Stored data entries
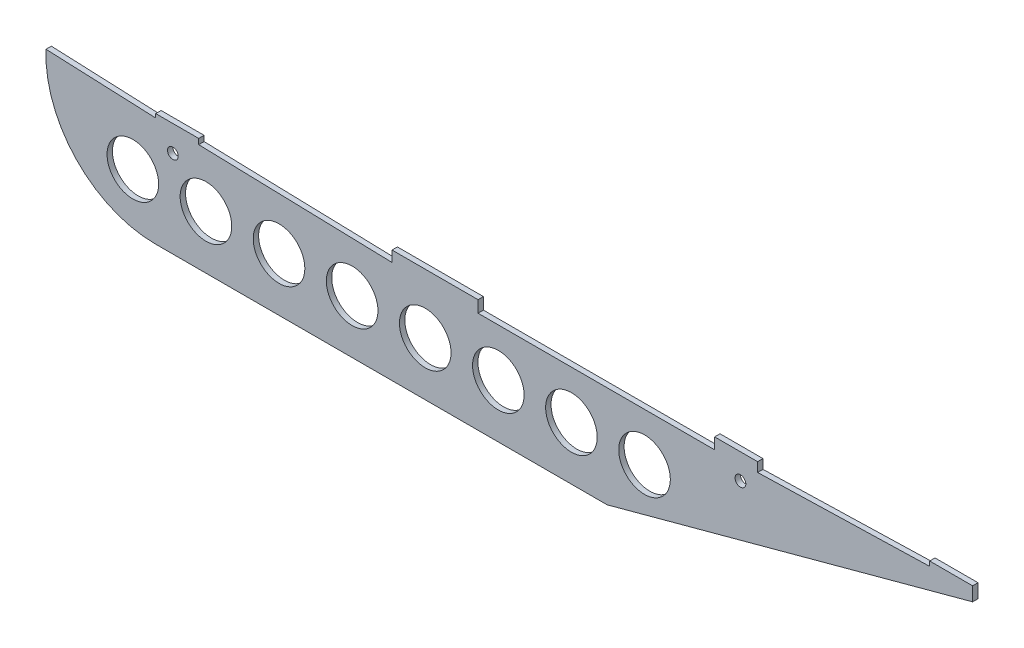
SolidWorks part; units mm, degrees
material "Birch Ply"
ref_plane "Front Plane" through (0, 0, 0) normal (0, 0, 1) x (1, 0, 0)
ref_plane "Top Plane" through (0, 0, 0) normal (0, 1, 0) x (1, 0, 0)
ref_plane "Right Plane" through (0, 0, 0) normal (1, 0, 0) x (0, 0, -1)
sketch "Sketch1" plane through (0, 0, 0) normal (0, 0, 1) x (1, 0, 0)
  line L1 (331.4792, -67.3278) -> (547.3792, -9.0155)
  line L2 (0, 0) -> (-2.5762, -60.2421) construction
  line L3 (547.3792, -0.8036) -> (547.3792, -9.0155)
  line L4 (547.3792, -0.8036) -> (521.9792, -0.8036)
  line L5 (521.9792, -0.8036) -> (521.9792, -3.5503)
  line L6 (521.9792, -3.5503) -> (420.3792, -6.318)
  line L7 (420.3792, -6.318) -> (420.3792, -0.8036)
  line L8 (420.3792, -0.8036) -> (394.9792, -0.8036)
  line L9 (394.9792, -0.8036) -> (394.9792, -7.4329)
  line L10 (394.9792, -7.4329) -> (255.2141, -7.4329)
  line L11 (255.2141, -7.4329) -> (255.2141, -0.5036)
  line L12 (255.2141, -0.5036) -> (204.4141, -0.5036)
  line L13 (204.4141, -0.5036) -> (204.4141, -6.8758)
  line L14 (331.4792, -67.3278) -> (64.5102, -67.3278)
  line L15 (204.4141, -6.8758) -> (90.2232, -3.7073)
  line L16 (90.2232, -3.7073) -> (90.2232, -0.5036)
  line L18 (90.2232, -0.5036) -> (64.8232, -0.5036)
  line L19 (64.8232, -0.5036) -> (64.8232, -2.7721)
  line L20 (64.8232, -2.7721) -> (0, 0)
  arc A0 (0, 0) -> (64.5102, -67.3278) centre (64.5102, -2.7587) ccw
  dimension "D19" = 2.7587
  dimension "D2" = 25.4
  dimension "D3" = 25.4
  dimension "D4" = 50.8
  dimension "D5" = 139.7652
  dimension "D6" = 114.2348
  dimension "D7" = 101.6
  dimension "D8" = 25.4
  dimension "D9" = 3.2036
  dimension "D10" = 6.3722
  dimension "D11" = 6.9293
  dimension "D12" = 6.6293
  dimension "D13" = 5.5145
  dimension "D14" = 2.7467
  dimension "D15" = 215.9
  dimension "D16" = 64.8232
  dimension "D17" = 66.8242
  dimension "D18" = 2.2684
  dimension "D22" = 58.3123
extrude "Boss-Extrude1" add sketch "Sketch1" along normal blind 1.5875 and the other way blind 1.5875 contours L15 L16 L18 L19 L20 A0 L14 L1 L3 L4 L5 L6 L7 L8 L9 L10 L11 L12 L13
sketch "Sketch2" plane through (0, 0, 0) normal (0, 0, 1) x (1, 0, 0)
  line L0 (420.3792, -0.8036) -> (394.9792, -0.8036) construction
  line L4 (547.3792, -0.8036) -> (547.3792, -9.0155) construction
  line L5 (90.2232, -0.5036) -> (64.8232, -0.5036) construction
  circle A0 centre (410.2192, -15.7436) radius 3.175
  circle A5 centre (74.9392, -15.7436) radius 3.175
  dimension "D1" = 6.35
  dimension "D4" = 472.44
  dimension "D10" = 6.35
  dimension "D2" = 14.94
  dimension "D5" = 15.24
  dimension "D3" = 137.16
extrude "Cut-Extrude1" cut sketch "Sketch2" along normal through all and the other way through all contours A0 | A5
sketch "Sketch3" plane through (0, 0, 0) normal (0, 0, 1) x (1, 0, 0)
  line L0 (353.5628, -35.7109) -> (51.3028, -35.7109) construction
  line L3 (360.0202, -59.6192) -> (357.5366, -50.4237) construction
  line L4 (331.4792, -67.3278) -> (547.3792, -9.0155) construction
  line L5 (83.8227, -24.8197) -> (77.1601, -18.0126) construction
  circle A0 centre (51.3028, -35.7109) radius 15.24
  circle A2 centre (94.4828, -35.7109) radius 15.24
  circle A3 centre (137.6628, -35.7109) radius 15.24
  circle A4 centre (180.8428, -35.7109) radius 15.24
  circle A5 centre (224.0228, -35.7109) radius 15.24
  circle A6 centre (267.2028, -35.7109) radius 15.24
  circle A7 centre (310.3828, -35.7109) radius 15.24
  circle A8 centre (353.5628, -35.7109) radius 15.24
  circle A10 centre (74.9392, -15.7436) radius 3.175 construction
  dimension "D2" = 30.48
  dimension "D1" = 30.48
  dimension "D3" = 30.48
  dimension "D4" = 30.48
  dimension "D5" = 30.48
  dimension "D6" = 30.48
  dimension "D7" = 30.48
  dimension "D8" = 43.18
  dimension "D9" = 30.48
  dimension "D11" = 9.525
  dimension "D20" = 43.18
  dimension "D21" = 43.18
  dimension "D22" = 43.18
  dimension "D23" = 43.18
  dimension "D24" = 43.18
  dimension "D25" = 43.18
  dimension "D10" = 9.525
extrude "Cut-Extrude2" cut sketch "Sketch3" against normal blind 2.54 and the other way blind 2.54 contours L0 A2 | A2 L0 | L0 A8 | A0 | A3 | A4 | A5 | A6 | A7 | A8 region at (94.4828, -35.7109, 0) region at (353.5628, -35.7109, 0)

Your objective → Gather each line from the entries above that includes the word "along".

Reply to the exercise →
extrude "Boss-Extrude1" add sketch "Sketch1" along normal blind 1.5875 and the other way blind 1.5875 contours L15 L16 L18 L19 L20 A0 L14 L1 L3 L4 L5 L6 L7 L8 L9 L10 L11 L12 L13
extrude "Cut-Extrude1" cut sketch "Sketch2" along normal through all and the other way through all contours A0 | A5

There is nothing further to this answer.